A homogeneity test was performed for each element to detect if a single model is sufficient to model the two categories of females (dead and alive) or if two different models should be used. Eleven elements were identified (Ca, Cd, Fe, K, Mg, Na, P, Se, S, Sr, and Zn). Note that this test could detect elements without a direct link to alive status, although the link could be mediated by other elements or factors.

Then a generalized linear model was set up using all the elements in a single analysis as well as the interaction with sampling year as a factor. The model was then simplified using AICc. Overall, 1000 replicates were performed using UnQ values that were replaced by a random number obtained from posterior predictive distribution. In all the 1000 replicates, only two elements were selected: Cd and Na. The other previously identified elements were never selected (Ca, Fe, K, Mg, P, Se, S, Sr, and Zn). Cd concentration was higher in turtles that died on the beach, while Na concentration was lower in these individuals (Figure 6). These findings are concordant with the results found using a completely different method, namely the iconography of correlations [9]. The two elements Cd and Na identified as being significantly associated with dead or alive status were also identified as being in direct interaction with this status using the iconography of correlations method [9]. Among the 11 elements that were better modeled with two distributions, 10 were shown to be linked with Na concentration using the iconography of correlations and then indirectly with alive or dead status. The very similar results obtained by two innovative and unrelated methods can be used to validate both. The only element that we detected to be better modeled using two distributions for dead and alive individuals, which was not found in a previous study, is Strontium (Sr).
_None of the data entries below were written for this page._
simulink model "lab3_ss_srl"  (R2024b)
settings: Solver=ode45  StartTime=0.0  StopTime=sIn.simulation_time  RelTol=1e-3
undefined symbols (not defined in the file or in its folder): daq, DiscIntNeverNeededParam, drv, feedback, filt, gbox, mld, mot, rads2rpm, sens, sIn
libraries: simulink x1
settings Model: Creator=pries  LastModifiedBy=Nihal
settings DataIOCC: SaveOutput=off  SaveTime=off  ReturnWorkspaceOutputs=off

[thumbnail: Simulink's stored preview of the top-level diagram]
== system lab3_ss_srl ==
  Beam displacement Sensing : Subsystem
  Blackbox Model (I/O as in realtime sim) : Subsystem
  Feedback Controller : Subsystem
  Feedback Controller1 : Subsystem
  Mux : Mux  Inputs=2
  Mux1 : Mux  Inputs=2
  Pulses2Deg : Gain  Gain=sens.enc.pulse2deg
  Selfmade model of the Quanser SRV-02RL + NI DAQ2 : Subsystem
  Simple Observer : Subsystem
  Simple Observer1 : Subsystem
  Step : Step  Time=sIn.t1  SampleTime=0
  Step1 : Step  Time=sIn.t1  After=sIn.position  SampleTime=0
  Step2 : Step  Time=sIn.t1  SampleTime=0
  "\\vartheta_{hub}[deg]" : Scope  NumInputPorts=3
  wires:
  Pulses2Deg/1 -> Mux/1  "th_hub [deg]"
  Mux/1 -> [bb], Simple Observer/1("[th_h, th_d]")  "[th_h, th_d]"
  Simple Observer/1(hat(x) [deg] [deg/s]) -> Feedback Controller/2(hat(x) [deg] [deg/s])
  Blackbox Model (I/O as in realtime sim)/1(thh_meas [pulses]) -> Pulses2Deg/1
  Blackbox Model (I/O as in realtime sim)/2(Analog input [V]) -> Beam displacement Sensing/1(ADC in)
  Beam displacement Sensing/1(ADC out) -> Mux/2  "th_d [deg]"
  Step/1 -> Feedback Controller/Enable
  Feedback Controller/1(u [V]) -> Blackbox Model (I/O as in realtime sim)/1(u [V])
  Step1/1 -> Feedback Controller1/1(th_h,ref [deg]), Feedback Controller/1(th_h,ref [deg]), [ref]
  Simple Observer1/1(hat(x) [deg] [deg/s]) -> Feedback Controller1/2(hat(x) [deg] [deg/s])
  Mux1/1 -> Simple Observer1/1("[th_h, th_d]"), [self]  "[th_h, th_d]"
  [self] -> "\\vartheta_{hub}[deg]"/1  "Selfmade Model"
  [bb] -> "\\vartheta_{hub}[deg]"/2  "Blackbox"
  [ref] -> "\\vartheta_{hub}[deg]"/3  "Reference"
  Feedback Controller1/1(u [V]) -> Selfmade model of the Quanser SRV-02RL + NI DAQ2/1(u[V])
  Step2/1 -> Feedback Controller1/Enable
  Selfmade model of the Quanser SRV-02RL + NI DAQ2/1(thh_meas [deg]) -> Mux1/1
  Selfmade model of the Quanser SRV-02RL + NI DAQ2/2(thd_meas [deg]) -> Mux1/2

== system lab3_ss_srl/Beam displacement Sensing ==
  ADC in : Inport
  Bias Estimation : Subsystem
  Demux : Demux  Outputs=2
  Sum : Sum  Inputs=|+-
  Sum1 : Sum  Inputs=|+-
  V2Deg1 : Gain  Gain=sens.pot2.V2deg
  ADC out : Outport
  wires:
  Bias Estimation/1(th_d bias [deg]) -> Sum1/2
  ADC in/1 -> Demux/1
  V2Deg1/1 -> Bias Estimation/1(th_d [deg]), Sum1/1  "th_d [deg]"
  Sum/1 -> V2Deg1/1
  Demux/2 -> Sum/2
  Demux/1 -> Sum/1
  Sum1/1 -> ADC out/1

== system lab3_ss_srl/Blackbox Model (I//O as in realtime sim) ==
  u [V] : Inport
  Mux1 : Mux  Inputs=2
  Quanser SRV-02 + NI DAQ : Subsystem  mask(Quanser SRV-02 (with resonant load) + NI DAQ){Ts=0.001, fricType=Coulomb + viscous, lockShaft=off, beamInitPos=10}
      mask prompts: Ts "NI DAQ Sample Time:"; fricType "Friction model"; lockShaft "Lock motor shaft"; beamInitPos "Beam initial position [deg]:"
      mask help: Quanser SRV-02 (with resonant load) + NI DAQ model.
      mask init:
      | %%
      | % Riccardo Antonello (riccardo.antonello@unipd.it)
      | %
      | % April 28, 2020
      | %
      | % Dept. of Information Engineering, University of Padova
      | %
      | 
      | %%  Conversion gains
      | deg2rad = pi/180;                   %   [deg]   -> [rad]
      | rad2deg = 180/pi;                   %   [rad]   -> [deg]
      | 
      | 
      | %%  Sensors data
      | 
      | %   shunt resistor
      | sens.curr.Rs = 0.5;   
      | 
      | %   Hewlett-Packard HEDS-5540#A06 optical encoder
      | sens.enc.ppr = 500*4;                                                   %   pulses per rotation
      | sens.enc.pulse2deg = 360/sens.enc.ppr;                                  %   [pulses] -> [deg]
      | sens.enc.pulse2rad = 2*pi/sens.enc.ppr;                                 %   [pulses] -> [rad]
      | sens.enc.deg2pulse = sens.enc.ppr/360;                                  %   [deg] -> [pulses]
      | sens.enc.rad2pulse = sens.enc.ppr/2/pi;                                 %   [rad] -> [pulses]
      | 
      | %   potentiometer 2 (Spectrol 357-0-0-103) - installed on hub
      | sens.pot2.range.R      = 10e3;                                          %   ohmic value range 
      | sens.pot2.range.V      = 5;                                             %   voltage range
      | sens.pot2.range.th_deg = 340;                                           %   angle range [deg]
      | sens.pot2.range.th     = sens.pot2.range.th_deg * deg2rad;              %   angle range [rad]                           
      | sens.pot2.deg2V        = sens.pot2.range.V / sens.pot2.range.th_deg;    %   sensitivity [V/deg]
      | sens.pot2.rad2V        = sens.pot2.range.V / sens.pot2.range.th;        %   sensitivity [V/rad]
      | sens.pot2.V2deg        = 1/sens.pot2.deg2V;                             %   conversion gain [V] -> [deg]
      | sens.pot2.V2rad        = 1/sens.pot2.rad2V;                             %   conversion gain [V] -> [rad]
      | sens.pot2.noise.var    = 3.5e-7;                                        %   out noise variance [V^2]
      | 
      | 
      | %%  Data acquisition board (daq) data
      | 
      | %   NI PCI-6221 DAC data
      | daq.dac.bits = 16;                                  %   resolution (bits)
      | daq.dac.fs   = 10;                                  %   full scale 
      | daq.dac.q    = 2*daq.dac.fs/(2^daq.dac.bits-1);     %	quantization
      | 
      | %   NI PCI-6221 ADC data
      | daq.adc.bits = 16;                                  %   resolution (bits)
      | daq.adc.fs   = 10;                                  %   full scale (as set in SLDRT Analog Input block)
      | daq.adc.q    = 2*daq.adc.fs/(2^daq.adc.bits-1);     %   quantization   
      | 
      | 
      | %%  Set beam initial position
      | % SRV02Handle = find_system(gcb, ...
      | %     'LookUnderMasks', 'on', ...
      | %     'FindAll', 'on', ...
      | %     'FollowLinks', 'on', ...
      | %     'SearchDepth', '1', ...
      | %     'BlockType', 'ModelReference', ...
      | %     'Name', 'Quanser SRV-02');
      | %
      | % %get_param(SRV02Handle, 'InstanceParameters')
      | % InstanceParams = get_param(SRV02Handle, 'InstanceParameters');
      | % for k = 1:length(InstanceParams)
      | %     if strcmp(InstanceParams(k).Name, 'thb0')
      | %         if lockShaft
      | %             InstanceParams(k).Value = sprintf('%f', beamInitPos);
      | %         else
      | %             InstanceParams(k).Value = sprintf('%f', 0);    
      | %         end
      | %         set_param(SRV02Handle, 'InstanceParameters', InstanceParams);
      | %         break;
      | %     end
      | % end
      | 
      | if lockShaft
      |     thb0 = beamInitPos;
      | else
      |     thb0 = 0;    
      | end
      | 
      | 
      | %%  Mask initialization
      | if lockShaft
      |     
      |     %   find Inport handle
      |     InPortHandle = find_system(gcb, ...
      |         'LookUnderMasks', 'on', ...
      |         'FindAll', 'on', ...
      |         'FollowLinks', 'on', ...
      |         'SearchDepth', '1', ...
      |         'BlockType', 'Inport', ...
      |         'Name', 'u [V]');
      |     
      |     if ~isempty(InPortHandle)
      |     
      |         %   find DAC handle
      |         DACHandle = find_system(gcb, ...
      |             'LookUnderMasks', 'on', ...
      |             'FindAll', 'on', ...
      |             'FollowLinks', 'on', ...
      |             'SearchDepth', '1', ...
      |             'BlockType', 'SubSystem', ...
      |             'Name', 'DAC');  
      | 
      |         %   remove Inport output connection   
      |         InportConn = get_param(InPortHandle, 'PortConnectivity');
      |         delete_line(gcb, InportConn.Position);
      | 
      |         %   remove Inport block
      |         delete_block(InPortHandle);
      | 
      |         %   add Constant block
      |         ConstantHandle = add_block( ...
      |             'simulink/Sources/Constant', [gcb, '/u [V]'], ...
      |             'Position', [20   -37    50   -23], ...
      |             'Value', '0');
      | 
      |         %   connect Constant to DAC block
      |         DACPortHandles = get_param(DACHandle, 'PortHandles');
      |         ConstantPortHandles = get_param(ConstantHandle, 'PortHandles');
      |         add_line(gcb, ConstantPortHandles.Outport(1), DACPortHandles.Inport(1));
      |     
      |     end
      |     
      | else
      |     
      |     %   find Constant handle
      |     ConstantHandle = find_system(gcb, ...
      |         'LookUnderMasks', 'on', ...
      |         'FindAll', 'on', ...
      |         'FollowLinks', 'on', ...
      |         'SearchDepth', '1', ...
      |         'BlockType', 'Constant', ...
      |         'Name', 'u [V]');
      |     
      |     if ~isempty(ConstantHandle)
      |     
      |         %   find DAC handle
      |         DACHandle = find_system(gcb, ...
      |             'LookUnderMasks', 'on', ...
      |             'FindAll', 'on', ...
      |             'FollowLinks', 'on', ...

Sr is an inorganic non-essential element that occurs naturally in igneous rocks. Its concentration was higher in dead compared with alive turtles (dead: mean = 1.82, median = 1.11, max = 9.23; alive: mean = 1.06, median = 0.99, max = 3.13; Table 2 in [9]). Sr is chemically similar to Ca and is often incorporated into bone and eggshells by organisms [40]. Typically, Ca and Sr incorporated into the egg originates from the bones and blood of the female [41]. High concentrations of Sr in avian eggshells have been associated with reduced hatching success [42] and increased egg breakage and possibly bone deformities [43]. We do not have information about the toxicity of Sr in marine turtles [44], although more attention should clearly be given to this element in the future.

5. Conclusions

Analytical science in environmental research is frequently confronted with the problem of detection limits or missing data in the analyzed variables. This situation precludes the use of common methods of statistical analysis. The objective of the present work was to develop a method to fill in these gaps. Using both conditional maximum likelihood and Bayesian statistics, we were able to build a model to respond to our objectives: (1) to generate a value to replace UnQ data with a single value for all measurements or a random value respecting the fitted distribution; (2) to handle both the lower detection limit (LDL) and the upper detection limit (UDL); (3) to deal with varying detection limits; (4) to handle censored and truncated data; and (5) to fit a mixture model with several distribution models in a single dataset. However, in our opinion, the main difficulty was being able to provide a method that can be used by researchers without a strong background in statistics. This was achieved by developing an online application in which the user provides the series of values and the limit of detection, with all the tests being performed automatically.